SEO Best Practices for Website Analytics

  • Measure KPI’s – Key performance indicators are specific data metrics that are directly correlated with site success, and should be measured over a period of time with a specific goal in mind.  Google analytics can be configured to measure specific pages views and actions (goals & events), which can be tied directly to KPI’s.  The important thing here is to be tracking, analyzing, and improving KPI’s over time.
  • Filter Data! – Website analytics platforms are great for tracking and sorting data, but the goal of analytics is to gain knowledge that can be directly applied to ongoing SEO strategy, to do this you must filter!  Filter by various time periods, new visitors, organic traffic, CTR, bounce rate, keyword, pages per visits, etc.  The more this data is filtered the more insights can be found, use advanced filters to drill down even further.
  • Examine Long-Term Trends – It is important to not only examine weekly and month over month data, but also extended trends.  Look at 6 months, 1 year, 2 years and try to understand where your SEO efforts, search-engine updates, and website status changes have intersected to yield your current results to date.  SEO is always changing; at the site level, link level, and search engine level.
  • Don’t forget Webmaster Tools! –  Both Google and Bing offer webmaster tool platforms that allow webmasters access to additional data from the search engines not available in analytics platforms.  Webmaster tools will notify you of crawl errors and site hacking, show link data, and allow you to diagnose on-page SEO issues.  Making sure everything is “all good” in webmaster tools should be a  top ongoing priority.

Our SEO best practices in 2013 are finally starting to come in line with the recommendations Google has been making for years but not enforcing.  Creating well-researched content that fulfills user needs, delivered through a high quality user experience that encourages people to share with others.  Well the promised land is here and if you were one of those people complaining of spammers dominating the search rankings, your opportunity to show why your better is here!

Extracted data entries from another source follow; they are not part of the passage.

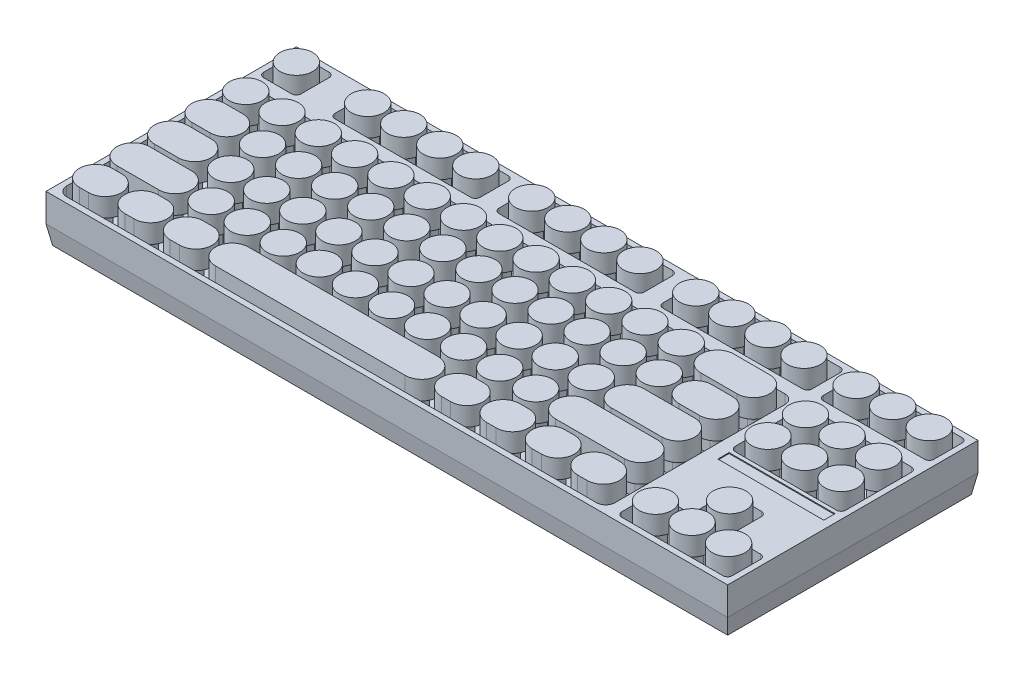
SolidWorks part; units mm, degrees
ref_plane "Front Plane" through (0, 0, 0) normal (0, 0, 1) x (1, 0, 0)
ref_plane "Top Plane" through (0, 0, 0) normal (0, 1, 0) x (1, 0, 0)
ref_plane "Right Plane" through (0, 0, 0) normal (1, 0, 0) x (0, 0, -1)
sketch "Sketch1" plane through (0, 0, 0) normal (0, 1, 0) x (1, 0, 0)
  line L1 (180, 65) -> (-180, 65)
  line L2 (180, 65) -> (180, -65)
  line L3 (180, -65) -> (-180, -65)
  line L4 (-180, 65) -> (-180, -65)
  line L5 (180, 65) -> (-180, -65) construction
  line L6 (180, -65) -> (-180, 65) construction
  point P0 (0, 0)
  dimension "D1" = 360
  dimension "D2" = 130
extrude "Boss-Extrude1" add sketch "Sketch1" along normal blind 10
draft "Draft1" type of draft neutral plane draft angle 10 faces to draft 4 face at (180, 5, 0) face at (0, 5, -65) face at (-180, 5, 0) face at (0, 5, 65) neutral plane through (0, 0, 0) neutral plane normal (0, -1, 0) parameters "D1"=10
sketch "Sketch2" plane through (0, 10, 0) normal (0, 1, 0) x (1, 0, 0)
  line L0 (111.2633, 63.7633) -> (36.7667, 63.7633)
  line L1 (113.7633, 61.2633) -> (113.7633, 46.2633)
  line L2 (111.2633, 43.7633) -> (36.7667, 43.7633)
  line L3 (34.2667, 61.2633) -> (34.2667, 46.2633)
  line L4 (176.2633, 63.7633) -> (122.2633, 63.7633)
  line L5 (176.2633, -43.7633) -> (122.2633, -43.7633) construction
  line L6 (178.7633, -46.2633) -> (178.7633, -61.2633)
  line L7 (176.2633, -63.7633) -> (122.2633, -63.7633)
  line L8 (119.7633, -46.2633) -> (119.7633, -61.2633)
  line L9 (178.7633, -43.7633) -> (119.7633, -63.7633) construction
  line L10 (178.7633, -63.7633) -> (119.7633, -43.7633) construction
  line L11 (156.7633, -23.7633) -> (141.7633, -23.7633)
  line L12 (159.2633, -26.2633) -> (159.2633, -41.2633)
  line L13 (159.2633, -43.7633) -> (139.2633, -43.7633) construction
  line L14 (139.2633, -26.2633) -> (139.2633, -41.2633)
  line L15 (159.2633, -23.7633) -> (139.2633, -43.7633) construction
  line L16 (-178.7633, 66.7633) -> (-178.7633, -66.7633)
  line L17 (-178.7633, 31.7633) -> (-178.7633, -58.7633)
  line L18 (159.2633, -43.7633) -> (139.2633, -23.7633) construction
  line L19 (181.7633, 36.7633) -> (-181.7633, 36.7633)
  line L20 (108.7633, 36.7633) -> (-173.7633, 36.7633)
  line L21 (178.7633, 61.2633) -> (178.7633, 46.2633)
  line L22 (113.7633, -66.7633) -> (113.7633, 66.7633)
  line L23 (113.7633, -58.7633) -> (113.7633, 31.7633)
  line L24 (176.2633, 43.7633) -> (122.2633, 43.7633)
  line L25 (-181.7633, -63.7633) -> (181.7633, -63.7633)
  line L26 (-173.7633, -63.7633) -> (108.7633, -63.7633)
  line L27 (-181.7633, 66.7633) -> (-181.7633, -66.7633) construction
  line L28 (-161.2633, 63.7633) -> (-176.2633, 63.7633)
  line L29 (-158.7633, 61.2633) -> (-158.7633, 46.2633)
  line L30 (-161.2633, 43.7633) -> (-176.2633, 43.7633)
  line L31 (-178.7633, 61.2633) -> (-178.7633, 46.2633)
  line L32 (-158.7633, 63.7633) -> (-178.7633, 43.7633) construction
  line L33 (-158.7633, 43.7633) -> (-178.7633, 63.7633) construction
  line L34 (181.7633, 66.7633) -> (-181.7633, 66.7633) construction
  line L35 (-181.7633, -66.7633) -> (181.7633, -66.7633) construction
  line L36 (-65.7333, 63.7633) -> (-138.2333, 63.7633)
  line L37 (-63.2333, 61.2633) -> (-63.2333, 46.2633)
  line L38 (-65.7333, 43.7633) -> (-138.2333, 43.7633)
  line L39 (-140.7333, 61.2633) -> (-140.7333, 46.2633)
  line L40 (-63.2333, 63.7633) -> (-140.7333, 43.7633) construction
  line L41 (-63.2333, 43.7633) -> (-140.7333, 63.7633) construction
  line L42 (181.7633, -66.7633) -> (181.7633, 66.7633) construction
  line L43 (-181.7633, 66.7633) -> (-181.7633, -66.7633)
  line L44 (-181.7633, -66.7633) -> (181.7633, -66.7633)
  line L45 (181.7633, -66.7633) -> (181.7633, 66.7633)
  line L46 (181.7633, 66.7633) -> (-181.7633, 66.7633)
  line L47 (21.7667, 63.7633) -> (-50.7333, 63.7633)
  line L48 (24.2667, 61.2633) -> (24.2667, 46.2633)
  line L49 (21.7667, 43.7633) -> (-50.7333, 43.7633)
  line L50 (-53.2333, 61.2633) -> (-53.2333, 46.2633)
  line L51 (119.7633, 61.2633) -> (119.7633, 46.2633)
  line L52 (122.2633, -43.7633) -> (136.7633, -43.7633)
  line L53 (176.2633, 36.7633) -> (122.2633, 36.7633)
  line L54 (178.7633, 34.2633) -> (178.7633, -0.7367)
  line L55 (176.2633, -3.2367) -> (122.2633, -3.2367)
  line L56 (119.7633, 34.2633) -> (119.7633, -0.7367)
  line L57 (178.7633, 36.7633) -> (119.7633, -3.2367) construction
  line L58 (178.7633, -3.2367) -> (119.7633, 36.7633) construction
  line L59 (176.2633, -43.7633) -> (161.7633, -43.7633)
  arc A0 (108.7633, -63.7633) -> (113.7633, -58.7633) centre (108.7633, -58.7633) ccw
  arc A1 (113.7633, 31.7633) -> (108.7633, 36.7633) centre (108.7633, 31.7633) ccw
  arc A2 (-173.7633, -63.7633) -> (-178.7633, -58.7633) centre (-173.7633, -58.7633) cw
  arc A3 (-178.7633, 31.7633) -> (-173.7633, 36.7633) centre (-173.7633, 31.7633) cw
  arc A4 (178.7633, -61.2633) -> (176.2633, -63.7633) centre (176.2633, -61.2633) cw
  arc A5 (176.2633, -43.7633) -> (178.7633, -46.2633) centre (176.2633, -46.2633) cw
  arc A6 (122.2633, -43.7633) -> (119.7633, -46.2633) centre (122.2633, -46.2633) ccw
  arc A7 (122.2633, -63.7633) -> (119.7633, -61.2633) centre (122.2633, -61.2633) cw
  arc A8 (156.7633, -23.7633) -> (159.2633, -26.2633) centre (156.7633, -26.2633) cw
  arc A9 (141.7633, -23.7633) -> (139.2633, -26.2633) centre (141.7633, -26.2633) ccw
  arc A10 (178.7633, -0.7367) -> (176.2633, -3.2367) centre (176.2633, -0.7367) cw
  arc A11 (122.2633, -3.2367) -> (119.7633, -0.7367) centre (122.2633, -0.7367) cw
  arc A12 (122.2633, 36.7633) -> (119.7633, 34.2633) centre (122.2633, 34.2633) ccw
  arc A13 (176.2633, 36.7633) -> (178.7633, 34.2633) centre (176.2633, 34.2633) cw
  arc A14 (178.7633, 46.2633) -> (176.2633, 43.7633) centre (176.2633, 46.2633) cw
  arc A15 (176.2633, 63.7633) -> (178.7633, 61.2633) centre (176.2633, 61.2633) cw
  arc A16 (122.2633, 63.7633) -> (119.7633, 61.2633) centre (122.2633, 61.2633) ccw
  arc A17 (122.2633, 43.7633) -> (119.7633, 46.2633) centre (122.2633, 46.2633) cw
  arc A18 (113.7633, 46.2633) -> (111.2633, 43.7633) centre (111.2633, 46.2633) cw
  arc A19 (111.2633, 63.7633) -> (113.7633, 61.2633) centre (111.2633, 61.2633) cw
  arc A20 (36.7667, 63.7633) -> (34.2667, 61.2633) centre (36.7667, 61.2633) ccw
  arc A21 (36.7667, 43.7633) -> (34.2667, 46.2633) centre (36.7667, 46.2633) cw
  arc A22 (24.2667, 46.2633) -> (21.7667, 43.7633) centre (21.7667, 46.2633) cw
  arc A23 (21.7667, 63.7633) -> (24.2667, 61.2633) centre (21.7667, 61.2633) cw
  arc A24 (-50.7333, 43.7633) -> (-53.2333, 46.2633) centre (-50.7333, 46.2633) cw
  arc A25 (-50.7333, 63.7633) -> (-53.2333, 61.2633) centre (-50.7333, 61.2633) ccw
  arc A26 (-63.2333, 46.2633) -> (-65.7333, 43.7633) centre (-65.7333, 46.2633) cw
  arc A27 (-65.7333, 63.7633) -> (-63.2333, 61.2633) centre (-65.7333, 61.2633) cw
  arc A28 (-138.2333, 43.7633) -> (-140.7333, 46.2633) centre (-138.2333, 46.2633) cw
  arc A29 (-138.2333, 63.7633) -> (-140.7333, 61.2633) centre (-138.2333, 61.2633) ccw
  arc A30 (-158.7633, 46.2633) -> (-161.2633, 43.7633) centre (-161.2633, 46.2633) cw
  arc A31 (-176.2633, 43.7633) -> (-178.7633, 46.2633) centre (-176.2633, 46.2633) cw
  arc A32 (-176.2633, 63.7633) -> (-178.7633, 61.2633) centre (-176.2633, 61.2633) ccw
  arc A33 (-161.2633, 63.7633) -> (-158.7633, 61.2633) centre (-161.2633, 61.2633) cw
  arc A34 (136.7633, -43.7633) -> (139.2633, -41.2633) centre (136.7633, -41.2633) ccw
  arc A35 (159.2633, -41.2633) -> (161.7633, -43.7633) centre (161.7633, -41.2633) ccw
  point P22 (-168.7633, 53.7633)
  point P30 (-101.9833, 53.7633)
  point P42 (149.2633, -53.7633)
  point P47 (149.2633, -33.7633)
  point P57 (149.2633, 16.7633)
  point P94 (178.7633, 43.7633)
  point P97 (178.7633, 63.7633)
  point P104 (113.7633, 43.7633)
  point P107 (113.7633, 63.7633)
  point P110 (34.2667, 63.7633)
  point P115 (24.2667, 43.7633)
  point P118 (24.2667, 63.7633)
  point P123 (-53.2333, 63.7633)
  dimension "D5" = 5
  dimension "D34" = 2.5
  dimension "D35" = 2.5
  dimension "D6" = 20
  dimension "D7" = 3
  dimension "D8" = 3
  dimension "D9" = 18.03
  dimension "D10" = 77.5
  dimension "D11" = 20
  dimension "D12" = 3
  dimension "D13" = 10
  dimension "D14" = 3
  dimension "D15" = 20
  dimension "D16" = 77.5
  dimension "D18" = 20
  dimension "D19" = 3
  dimension "D20" = 10
  dimension "D21" = 3
  dimension "D22" = 6
  dimension "D23" = 3
  dimension "D24" = 20
  dimension "D25" = 20
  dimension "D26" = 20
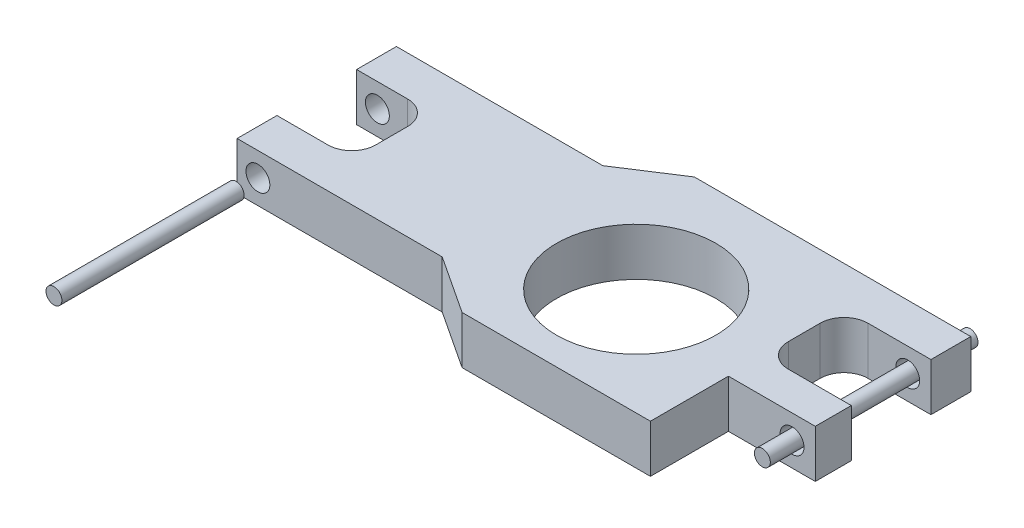
SolidWorks part; units mm, degrees
ref_plane "Front Plane" through (0, 0, 0) normal (0, 0, 1) x (1, 0, 0)
ref_plane "Top Plane" through (0, 0, 0) normal (0, 1, 0) x (1, 0, 0)
ref_plane "Right Plane" through (0, 0, 0) normal (1, 0, 0) x (0, 0, -1)
sketch "Sketch21" plane through (0, 0, 0) normal (0, 1, 0) x (1, 0, 0)
  line L0 (-35.2989, 23.7883) -> (-68.2028, 23.7883)
  line L1 (-68.2028, 23.7883) -> (-68.2028, 17.4383)
  line L2 (-35.4979, -1.6117) -> (-68.2028, -1.6117)
  line L3 (-68.2028, 17.4383) -> (-60.0738, 17.4383)
  line L4 (-56.2638, 13.6283) -> (-56.2638, 8.5483)
  line L5 (-60.0738, 4.7383) -> (-68.2028, 4.7383)
  line L6 (-68.2028, 4.7383) -> (-68.2028, -1.6117)
  line L7 (-63.1228, 93.9808) -> (21.5481, 93.9808) construction
  line L8 (52.8639, 77.8829) -> (52.8639, -77.8829) construction
  line L9 (-26.2419, -7.6986) -> (3.7825, -7.6986)
  line L10 (17.631, 4.7383) -> (17.631, 10.4782)
  line L11 (17.631, 23.1782) -> (7.5925, 23.1782)
  line L12 (3.7825, 19.3682) -> (3.7825, 14.2882)
  line L13 (7.5925, 10.4782) -> (17.631, 10.4782)
  line L14 (17.631, 29.5282) -> (-26.4371, 29.5282)
  line L15 (17.631, 23.1782) -> (17.631, 29.5282)
  line L16 (-35.2989, 23.7883) -> (-26.4371, 29.5282)
  line L17 (-101.5364, -32.0917) -> (-101.5364, 0) construction
  line L18 (3.7825, -7.6986) -> (3.7825, 4.7383)
  line L20 (0, 0) -> (-110.6978, 0) construction
  line L21 (3.7825, 4.7383) -> (17.631, 4.7383)
  line L22 (-35.4979, -1.6117) -> (-26.2419, -7.6986)
  circle A0 centre (-15.5704, 9.3886) radius 12.7
  arc A1 (7.5925, 23.1782) -> (3.7825, 19.3682) centre (7.5925, 19.3682) ccw
  arc A2 (3.7825, 14.2882) -> (7.5925, 10.4782) centre (7.5925, 14.2882) ccw
  arc A3 (-60.0738, 17.4383) -> (-56.2638, 13.6283) centre (-60.0738, 13.6283) cw
  arc A4 (-56.2638, 8.5483) -> (-60.0738, 4.7383) centre (-60.0738, 8.5483) cw
  dimension "D9" = 25.4
  dimension "D7" = 3.81
  dimension "D8" = 1.6117
  dimension "D1" = 84.6709
  dimension "D3" = 5.08
  dimension "D4" = 25.4
  dimension "D5" = 6.35
extrude "Extrude1" add sketch "Sketch21" along normal mid plane 7.62 contours L2 L6 L5 A4 L4 A3 L3 L1 L0 L16 L14 L15 L11 A1 L12 A2 L13 L10 L21 L18 L9 L22 | A0
sketch "Sketch22" plane through (0, 0, -29.5282) normal (0, 0, -1) x (-1, 0, 0)
  line L0 (-17.631, 0) -> (77.4589, 0) construction
  circle A0 centre (-13.9288, 0) radius 1.905
  circle A1 centre (64.8874, 0.0093) radius 1.905
  dimension "D1" = 78.8162
  dimension "D3" = 3.81
extrude "Cut-Extrude1" cut sketch "Sketch22" against normal mid plane 183.515
sketch "Sketch23" plane through (0, 0, 0) normal (0, 0, 1) x (1, 0, 0)
  circle A0 centre (-64.8874, 0.0093) radius 1.27
  circle A1 centre (13.9288, 0) radius 1.27
  dimension "D1" = 2.54
extrude "Extrude2" add sketch "Sketch23" against normal blind 33.114 separate body contours A1
extrude "Extrude3" add sketch "Sketch23<3>" along normal blind 29.05 from offset 5.08 separate body contours A0
sketch "Sketch23<3>" plane through (0, 0, 0) normal (0, 0, 1) x (1, 0, 0) same geometry as "Sketch23"
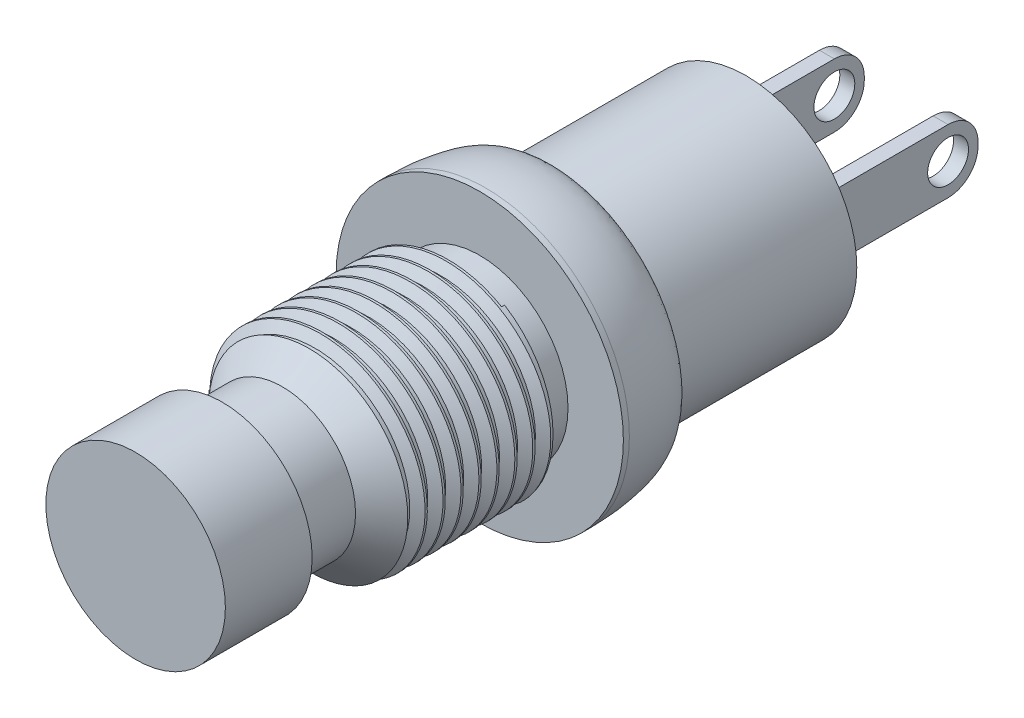
SolidWorks part; units mm, degrees
ref_plane "Front Plane" through (0, 0, 0) normal (0, 0, 1) x (1, 0, 0)
ref_plane "Top Plane" through (0, 0, 0) normal (0, 1, 0) x (1, 0, 0)
ref_plane "Right Plane" through (0, 0, 0) normal (1, 0, 0) x (0, 0, -1)
sketch "Sketch1" plane through (0, 0, 0) normal (0, 0, 1) x (1, 0, 0)
  circle A0 centre (0, 0) radius 3.7
  dimension "D1" = 7.4
extrude "Boss-Extrude1" add sketch "Sketch1" along normal blind 6.5
sketch "Sketch2" plane through (0, 0, 6.5) normal (0, 0, 1) x (1, 0, 0)
  circle A0 centre (0, 0) radius 4.8
  dimension "D1" = 9.6
extrude "Boss-Extrude2" add sketch "Sketch2" along normal blind 2.4
fillet "Fillet1" radius 0.5 1 edges at (4.8, 0, 6.5) second distance 2.2 first distance on face at (3.7, 0, 6.5)
sketch "Sketch3" plane through (0, 0, 8.9) normal (0, 0, 1) x (1, 0, 0)
  circle A0 centre (0, 0) radius 3.45
  dimension "D1" = 6.9
extrude "Boss-Extrude3" add sketch "Sketch3" along normal blind 6.6
chamfer "Chamfer1" distance 1 angle 45 1 edges at (3.45, 0, 15.5)
sketch "Sketch9" plane through (0, 0, 15.5) normal (0, 0, 1) x (1, 0, 0)
  circle A0 centre (0, 0) radius 2.45
  dimension "D1" = 4.9
extrude "Boss-Extrude4" add sketch "Sketch9" along normal blind 2
thread "Thread1" pitch 0.6 method cut profile "Thread Profile1" start angle 2, offset 0.5, length 5, pitch 0.6, diameter 6.9
ref_plane "Plane1" through (-3.4479, 0.1204, 15) normal (-0.0349, -0.9994, 0) x (-0.9994, 0.0349, 0)
sketch "Thread Profile1" plane through (-3.4479, 0.1204, 15) normal (-0.0349, -0.9994, 0) x (-0.9994, 0.0349, 0)
  line L0 (0, 0) -> (0, 0.6) construction
  line L11 (0, 0) -> (0, 0.525)
  line L12 (0, 0.525) -> (-0.3248, 0.3375)
  line L13 (-0.3248, 0.3375) -> (-0.3248, 0.1875)
  line L15 (-0.3248, 0.1875) -> (0, 0)
  line L17 (-0.3248, 0.2625) -> (0, 0.2625) construction
  point P2 (0, 0)
  dimension "Pitch" = 0.6
  dimension "Profile_Angle" = 60
  dimension "Profile_Land" = 0.15
  dimension "Profile_Height" = 0.3248
sketch "Sketch10" plane through (0, 0, 8.9) normal (0, 0, 1) x (1, 0, 0)
  circle A0 centre (0, 0) radius 2.95
  circle A1 centre (0, 0) radius 3.45
  dimension "D1" = 5.9
extrude "Cut-Extrude1" cut sketch "Sketch10" along normal blind 1
sketch "Sketch11" plane through (0, 0, 17.5) normal (0, 0, 1) x (1, 0, 0)
  circle A0 centre (0, 0) radius 3
extrude "Boss-Extrude5" add sketch "Sketch11" along normal blind 2.9
sketch "Sketch12" plane through (0, 0, 0) normal (0, 0, -1) x (-1, 0, 0)
  line L0 (0, 1.06) -> (0, -1.06) construction
  line L1 (-2.15, 1.06) -> (2.15, 1.06) construction
  line L2 (-2.15, 1.06) -> (-2.15, -1.06) construction
  line L3 (-2.15, -1.06) -> (2.15, -1.06) construction
  line L4 (2.15, 1.06) -> (2.15, -1.06) construction
  line L5 (-2.15, 1.06) -> (2.15, -1.06) construction
  line L6 (-2.15, -1.06) -> (2.15, 1.06) construction
  line L7 (2.15, -1.06) -> (1.65, -1.06)
  line L8 (-2.15, 1.06) -> (-1.65, 1.06)
  line L9 (-2.15, 1.06) -> (-2.15, -1.06)
  line L10 (-2.15, -1.06) -> (-1.65, -1.06)
  line L11 (-1.65, 1.06) -> (-1.65, -1.06)
  line L12 (2.15, 1.06) -> (2.15, -1.06)
  line L13 (2.15, 1.06) -> (1.65, 1.06)
  line L14 (1.65, 1.06) -> (1.65, -1.06)
  point P0 (0, 0)
  dimension "D1" = 4.3
  dimension "D2" = 2.12
  dimension "D3" = 0.5
extrude "Boss-Extrude6" add sketch "Sketch12" along normal blind 5.6
fillet "Fillet2" radius 1 4 edges at (-1.9, -1.06, -5.6) (-1.9, 1.06, -5.6) (1.9, -1.06, -5.6) (1.9, 1.06, -5.6)
sketch "Sketch13" plane through (2.15, 0, 0) normal (1, 0, 0) x (0, 0, -1)
  line L0 (4.6, 1.06) -> (4.6, -1.06) construction
  circle A0 centre (4.6, 0) radius 0.6828
extrude "Cut-Extrude2" cut sketch "Sketch13" against normal blind 5.6

SEO is still highly relevant, but our best practice should now be centered around providing relevant content to real people online; in a smart way that will yield valuable visits, interactions, shares, and links.  SEO still needs to be applied, but the technical tricks are on their way out.  Today’s SEO analyst needs to be a savvy digital marketer who leverages a deep understanding of organic search, rankings strategies, and conversion optimization.